Khofifah juga menceritakan kedekatannya dengan BPS yang telah terjalin sejak menjadi anggota DPR RI pada 1992. Pada masa itu, sebelum era digital berkembang, berbagai publikasi statistik BPS menjadi referensi utama dalam menjalankan fungsi legislasi dan pengawasan.

 

“Saya pengguna data BPS sejak lama. Hampir semua kajian yang saya gunakan saat menjadi anggota DPR berasal dari data-data BPS,” katanya.

 

Menurut Khofifah, hingga kini Pemerintah Provinsi Jawa Timur tetap menjadikan data BPS sebagai pijakan utama dalam merumuskan berbagai kebijakan. Salah satu contohnya saat menangani penyebaran Penyakit Mulut dan Kuku (PMK), ketika pemerintah dapat mengambil langkah cepat berdasarkan data yang terus diperbarui.

 

Berbekal data tersebut, Pemprov Jatim dapat segera menghentikan sementara operasional pasar hewan di wilayah tertentu, mengerahkan tim veteriner ke daerah terdampak, serta menyusun berbagai strategi pengendalian penyakit secara lebih efektif.

 

“Semua itu bisa dilakukan karena kami memiliki kompas berupa data yang selalu diperbarui. Data menjadi dasar dalam mengambil keputusan secara cepat dan tepat,” tuturnya.

 

 

Pada kesempatan itu, Khofifah menyampaikan apresiasi kepada seluruh jajaran BPS atas dedikasinya dalam menghasilkan data yang akurat, berkualitas, dan terpercaya.
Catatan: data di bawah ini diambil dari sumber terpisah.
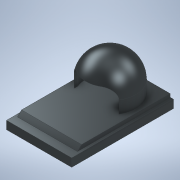
# Autodesk Inventor part: каска
Saved by Autodesk Inventor 2020.1 (Build 241239000, 239)
## iProperties
Created: 2022-03-19
Part Number: каска
Material: Чугун, серый
Document SubType Name: Modeling
Designer: User
Density: 7.15 g/cm^3
Appearance: Чугун серый
Author: User
Autodesk Inventor part; units mm, degrees
ref_plane "YZ Plane" through (0, 0, 0) normal (1, 0, 0) x (0, 1, 0)
ref_plane "XZ Plane" through (0, 0, 0) normal (0, 1, 0) x (-1, 0, 0)
ref_plane "XY Plane" through (0, 0, 0) normal (0, 0, 1) x (1, 0, 0)
sketch "Эскиз1" plane through (0, 0, 0) normal (0, 1, 0) x (-1, 0, 0)
  circle A0 centre (0, 0) radius 60
  circle A1 centre (0, 0) radius 64
  line L0 (64, 0) -> (-64, 0)
  point P0 (60, 0)
  point P1 (-60, 0)
  dimension "d0" = 120
  dimension "d1" = 128
  constraints: 2 centre point, 2 coincident, 2 end point, 2 point on circle, 1 horizontal
  measures "d0" diameter of A0
  measures "d1" diameter of A1
revolve "Вращение1" add sketch "Эскиз1" angle 180 about axis through (-64, 0, 0) along (1, 0, 0) picked at (62.0387, -7.1775) contours L0 A1 A0
sketch "Эскиз2" plane through (0, 0, 0) normal (0, 0, 1) x (1, 0, 0)
  line L0 (-64, 0) -> (64, 0) projected
  circle A0 centre (-30, 0) radius 25
  circle A1 centre (30, 0) radius 25
  line L1 (-30, 25) -> (30, 25)
  point P0 (0, 0)
  point P1 (0, 0)
  point P2 (55, 0)
  point P3 (-55, 0)
  dimension "d3" = 50
  dimension "d4" = 50
  dimension "d5" = 30
  dimension "d6" = 30
  constraints: 2 end point, 2 point on line, 1 coincident, 1 horizontal, 6 other
  measures "d5" distance of point (0, 0) point (-30, 0)
  measures "d6" distance of point (0, 0) point (30, 0)
extrude "Выдавливание1" cut sketch "Эскиз2" along normal blind 100 contours A0 L0 | A0 L1 A1 L0 | A1 L0 picked at (-26.3843, 7.5081) picked at (33.6157, 7.5081)
sketch "Эскиз3" plane through (0, 0, 0) normal (0, -1, 0) x (1, 0, 0)
  circle A0 centre (0, 0) radius 64
  circle A1 centre (0, 0) radius 60
  arc A2 (-55, 23.9792) -> (55, 23.9792) centre (0, 0) ccw projected
  arc A3 (-55, 32.7261) -> (55, 32.7261) centre (0, 0) ccw projected
  line L0 (55, 23.9792) -> (55, 32.7261)
  line L1 (-55, 23.9792) -> (-55, 32.7261) projected
  line L2 (-55, 23.9792) -> (-55, 32.7261)
  constraints: 4 end point, 2 centre point, 2 coincident, 2 vertical, 1 point on circle
extrude "Выдавливание2" add sketch "Эскиз3" along normal blind 30 contours A0 L1 A1 L0 picked at (62.3402, -3.7177)
sketch "Эскиз5" plane through (0, -30, 0) normal (0, -1, 0) x (1, 0, 0)
  line L0 (-73.6951, -73.9104) -> (73.6951, -73.9104)
  line L1 (73.6951, -73.9104) -> (73.6951, 153.3574)
  line L2 (73.6951, 153.3574) -> (-73.6951, 153.3574)
  line L3 (-73.6951, 153.3574) -> (-73.6951, -73.9104)
  line L4 (0, 153.3574) -> (0, -73.9104)
  point P0 (0, 0)
  constraints: 10 end point, 2 midpoint, 2 parallel, 2 perpendicular, 1 horizontal, 1 other
extrude "Выдавливание3" add sketch "Эскиз5" along normal blind 10
chamfer "Фаска1" distance 10 angle 45 1 edges at (0, -30, 153.3574)
sketch "Эскиз6" plane through (0, -40, 0) normal (0, -1, 0) x (1, 0, 0)
  line L0 (-80, -76.0724) -> (80, -76.0724)
  line L1 (80, -76.0724) -> (80, 173.9276)
  line L2 (80, 173.9276) -> (-80, 173.9276)
  line L3 (-80, 173.9276) -> (-80, -76.0724)
  line L4 (0, 173.9276) -> (0, -76.0724)
  point P0 (0, 0)
  dimension "d16" = 160
  dimension "d17" = 250
  constraints: 10 end point, 2 midpoint, 2 parallel, 2 perpendicular, 1 horizontal, 1 other
  measures "d16" distance of L0.start L0.end
  measures "d17" distance of L0.end L1.end
extrude "Выдавливание4" add sketch "Эскиз6" along normal blind 20
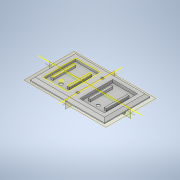
# Autodesk Inventor part: PV-Halterung
Saved by Autodesk Inventor 2021 (Build 250183000, 183)
## iProperties
Created: 2023-10-13
Part Number: PV-Halterung
Material: Generisch
Document SubType Name: Modeling
Designer: pasca
Density: 1 g/cm^3
Appearance: Vorgabe
Author: pasca
Autodesk Inventor part; units mm, degrees
sketch "Skizze1" plane through (0, 0, 0) normal (0, 0, 1) x (1, 0, 0)
  line L0 (0, 40) -> (0, -37) construction
  line L1 (-52, 0) -> (54, 0) construction
  line L2 (-90, -55) -> (90, -55)
  line L3 (90, -55) -> (90, 55)
  line L4 (90, 55) -> (-90, 55)
  line L5 (-90, 55) -> (-90, -55)
  line L6 (0, -77) -> (0, 77) projected
  line L7 (-126, 0) -> (126, 0) projected
  point P0 (0, 0)
  dimension "d0" = 110
  dimension "d1" = 180
  constraints: 12 end point, 2 horizontal, 2 parallel, 1 perpendicular, 1 vertical, 2 other
  measures "d0" distance between parallel lines of L2 L4
  measures "d1" distance between parallel lines of L3 L5
extrude "Extrusion1" add sketch "Skizze1" along normal blind 8
sketch "Skizze2" plane through (0, 0, 8) normal (0, 0, 1) x (1, 0, 0)
  line L0 (-75, 40) -> (-15, 40)
  line L1 (-15, 40) -> (-15, -40)
  line L2 (-15, -40) -> (-75, -40)
  line L3 (-75, -40) -> (-75, 40)
  line L4 (-126, 0) -> (126, 0) projected
  line L5 (0, 77) -> (0, -77) projected
  point P0 (0, 0)
  dimension "d4" = 60
  dimension "d5" = 80
  dimension "d6" = 15
  constraints: 8 end point, 2 parallel, 1 horizontal, 1 perpendicular, 1 other
  measures "d4" distance of L1.end L2.end
  measures "d5" distance of L0.end L1.end
  measures "d6" distance between parallel lines of L5 L1
extrude "Extrusion2" cut sketch "Skizze2" against normal blind 7
sketch "Skizze3" plane through (0, 0, 1) normal (0, 0, 1) x (1, 0, 0)
  line L0 (-15, 40) -> (-15, -40) projected
  line L1 (-15, -40) -> (-75, -40) projected
  line L2 (-75, -40) -> (-75, 40) projected
  line L3 (-15, -40) -> (-75, -40) projected
  line L4 (-15, 40) -> (-15, -40) projected
  line L5 (-75, 40) -> (-15, 40) projected
  line L6 (-126, 0) -> (126, 0) projected
  line L7 (0, 77) -> (0, -77) projected
  circle A0 centre (-45, -25) radius 4
  point P0 (0, 0)
  dimension "d9" = 8
  dimension "d10" = 30
  dimension "d11" = 15
  constraints: 1 centre point
  measures "d9" diameter of A0
  measures "d10" distance from line of L0 A0.centre
  measures "d11" distance from line of L1 A0.centre
extrude "Extrusion3" cut sketch "Skizze3" against normal blind 10 contours A0
sketch "Skizze4" plane through (0, 0, 1) normal (0, 0, 1) x (1, 0, 0)
  circle A0 centre (-45, -25) radius 4 projected
  line L0 (-75, -40) -> (-75, 40) projected
  line L1 (-15, -40) -> (-75, -40) projected
  line L2 (-15, 40) -> (-15, -40) projected
  line L3 (-75, 40) -> (-15, 40) projected
  line L4 (-126, 0) -> (126, 0) projected
  line L5 (-67, 27.5) -> (-62, 27.5)
  line L6 (-62, 27.5) -> (-62, -27.5)
  line L7 (-62, -27.5) -> (-67, -27.5)
  line L8 (-67, -27.5) -> (-67, 27.5)
  line L9 (-23, 27.5) -> (-28, 27.5)
  line L10 (-28, 27.5) -> (-28, -27.5)
  line L11 (-28, -27.5) -> (-23, -27.5)
  line L12 (-23, -27.5) -> (-23, 27.5)
  point P0 (0, 0)
  dimension "d14" = 5
  dimension "d15" = 55
  dimension "d16" = 8
  dimension "d17" = 55
  dimension "d18" = 5
  dimension "d19" = 8
  constraints: 16 end point, 4 parallel, 2 horizontal, 2 perpendicular, 2 other
  measures "d14" distance between parallel lines of L6 L8
  measures "d15" distance between parallel lines of L7 L5
  measures "d16" distance between parallel lines of L0 L8
  measures "d17" distance between parallel lines of L11 L9
  measures "d18" distance between parallel lines of L12 L10
  measures "d19" distance between parallel lines of L2 L12
extrude "Extrusion4" add sketch "Skizze4" along normal blind 5.5 contours L8 L5 L6 L4 | L4 L6 L7 L8 | L12 L11 L10 L4 | L4 L10 L9 L12
sketch "Skizze5" plane through (0, 0, 8) normal (0, 0, 1) x (1, 0, 0)
  line L0 (0, 77) -> (0, -77) projected
  line L1 (-126, 0) -> (126, 0) projected
  circle A0 centre (0, 30) radius 3
  circle A1 centre (0, -30) radius 3
  point P0 (0, 0)
  dimension "d22" = 6
  dimension "d23" = 6
  dimension "d24" = 30
  dimension "d25" = 30
  constraints: 2 centre point, 2 point on line
  measures "d22" diameter of A0
  measures "d23" diameter of A1
  measures "d24" distance of point (0, 0) A0.centre
  measures "d25" distance from line of L1 A1.centre
extrude "Extrusion5" cut sketch "Skizze5" against normal blind 10
sketch "Skizze6" plane through (0, 0, 8) normal (0, 0, 1) x (1, 0, 0)
  line L0 (-75, 40) -> (-15, 40) projected
  line L1 (-75, -40) -> (-75, 40) projected
  line L2 (-67, 27.5) -> (-67, -27.5) projected
  line L3 (-62, -27.5) -> (-62, 27.5) projected
  line L4 (-62, 27.5) -> (-67, 27.5) projected
  line L5 (-67, -27.5) -> (-62, -27.5) projected
  line L6 (-15, -40) -> (-75, -40) projected
  circle A0 centre (-45, -25) radius 4 projected
  line L7 (-28, 27.5) -> (-28, -27.5) projected
  line L8 (-28, -27.5) -> (-23, -27.5) projected
  line L9 (-23, -27.5) -> (-23, 27.5) projected
  line L10 (-23, 27.5) -> (-28, 27.5) projected
  line L11 (-28, 27.5) -> (-28, -27.5) projected
  line L12 (-28, -27.5) -> (-23, -27.5) projected
  line L13 (-15, 40) -> (-15, -40) projected
  line L14 (0, 77) -> (0, -77) projected
  line L15 (-126, 0) -> (126, 0) projected
  point P0 (0, 0)
mirror "Spiegeln1" about plane through (0, 0, 0) normal (1, 0, 0) of "Extrusion4", "Extrusion2", "Extrusion3"
sketch "Skizze7" plane through (0, 0, 0) normal (0, 0, -1) x (-1, 0, 0)
  point P0 (0, 0)
sketch "Skizze8" plane through (0, 0, 0) normal (1, 0, 0) x (0, 1, 0)
  circle A0 centre (0, -7) radius 1.65
  circle A1 centre (0, -7) radius 4
  line L0 (55, 0) -> (-55, 0) projected
  line L1 (4, 0) -> (4, -7)
  line L2 (-4, -7) -> (-4, 0)
  point P0 (0, 0)
  dimension "d28" = 3.3
  dimension "d29" = 7
  dimension "d30" = 8
  constraints: 4 end point, 2 centre point, 2 point on circle, 2 point on line, 1 coincident, 1 parallel, 1 tangent
  measures "d28" diameter of A0
  measures "d29" distance of A0.centre point (0, 0)
  measures "d30" diameter of A1
extrude "Extrusion6" add sketch "Skizze8" along normal mid plane 6
pattern_linear "Rechteckige Anordnung1" count 2 spacing 80 along (-1, 0, 0) of "Extrusion6"
pattern_linear "Rechteckige Anordnung2" count 2 spacing 80 along (1, 0, 0) of "Extrusion6"
chamfer "Fase1" distance 6 angle 45 4 edges at (0, 55, 8) (-90, 0, 8) (0, -55, 8) (90, 0, 8)

Ia berharap seluruh tahapan Sensus Ekonomi 2026 berjalan lancar sehingga mampu menghasilkan basis data yang semakin kuat untuk mendukung perencanaan pembangunan nasional.

 

Selain itu, Khofifah berharap semangat Kota Pahlawan dapat menjadi inspirasi bagi seluruh insan BPS untuk terus menghadirkan data statistik berkualitas sebagai fondasi pembangunan Indonesia.

 

“Semoga pelaksanaan Monitoring dan Evaluasi Sensus Ekonomi 2026 semakin memperkuat kualitas data statistik Indonesia sebagai fondasi pembangunan nasional yang lebih tepat sasaran,” pungkasnya.

 

Sementara itu, Kepala BPS RI Amalia Adininggar Widyasanti menyampaikan apresiasi kepada seluruh jajaran BPS di Indonesia serta Pemerintah Provinsi Jawa Timur yang telah mendukung penyelenggaraan Rakornas Monitoring dan Evaluasi Sensus Ekonomi 2026.

 

 

 

Menurutnya, Sensus Ekonomi merupakan sensus dengan tingkat kompleksitas paling tinggi dibandingkan sensus lainnya karena harus mendata berbagai aktivitas usaha di seluruh Indonesia.

 

Amalia mengungkapkan, hingga 28 Juli 2026 Provinsi Jawa Timur mencatat indeks keberhasilan pelaksanaan Sensus Ekonomi sebesar 55,81 persen. Capaian tersebut menunjukkan komitmen kuat pemerintah daerah bersama jajaran BPS dalam menyukseskan pendataan lapangan.

 

Meski demikian, ia mengakui masih terdapat sejumlah tantangan, terutama pelaku usaha yang belum dapat ditemui oleh petugas sensus. Oleh sebab itu, dukungan pemerintah daerah, dunia usaha, media massa, serta masyarakat tetap diperlukan agar cakupan pendataan dapat semakin optimal.

 

“Terima kasih atas kerja keras dan dedikasi seluruh jajaran BPS se-Indonesia dan Pemprov Jatim yang menjadi tuan rumah. Dengan kolaborasi seluruh pihak, Sensus Ekonomi 2026 akan menghasilkan data terbaik sebagai dasar pembangunan Indonesia yang semakin maju dan berdaya saing,” ujarnya.

 

Sebagai informasi, Rapat Koordinasi Nasional Monitoring dan Evaluasi Sensus Ekonomi 2026 berlangsung pada 25–29 Juli 2026 di Surabaya. Kegiatan tersebut diikuti sebanyak 839 peserta yang terdiri atas pimpinan BPS RI, kepala BPS provinsi dan kabupaten/kota, Garda SE2026, serta kepala perangkat daerah Pemerintah Provinsi Jawa Timur. Rakornas menjadi forum evaluasi sekaligus penguatan sinergi untuk memastikan pelaksanaan Sensus Ekonomi 2026 berjalan optimal dan menghasilkan data statistik yang berkualitas. (ivan)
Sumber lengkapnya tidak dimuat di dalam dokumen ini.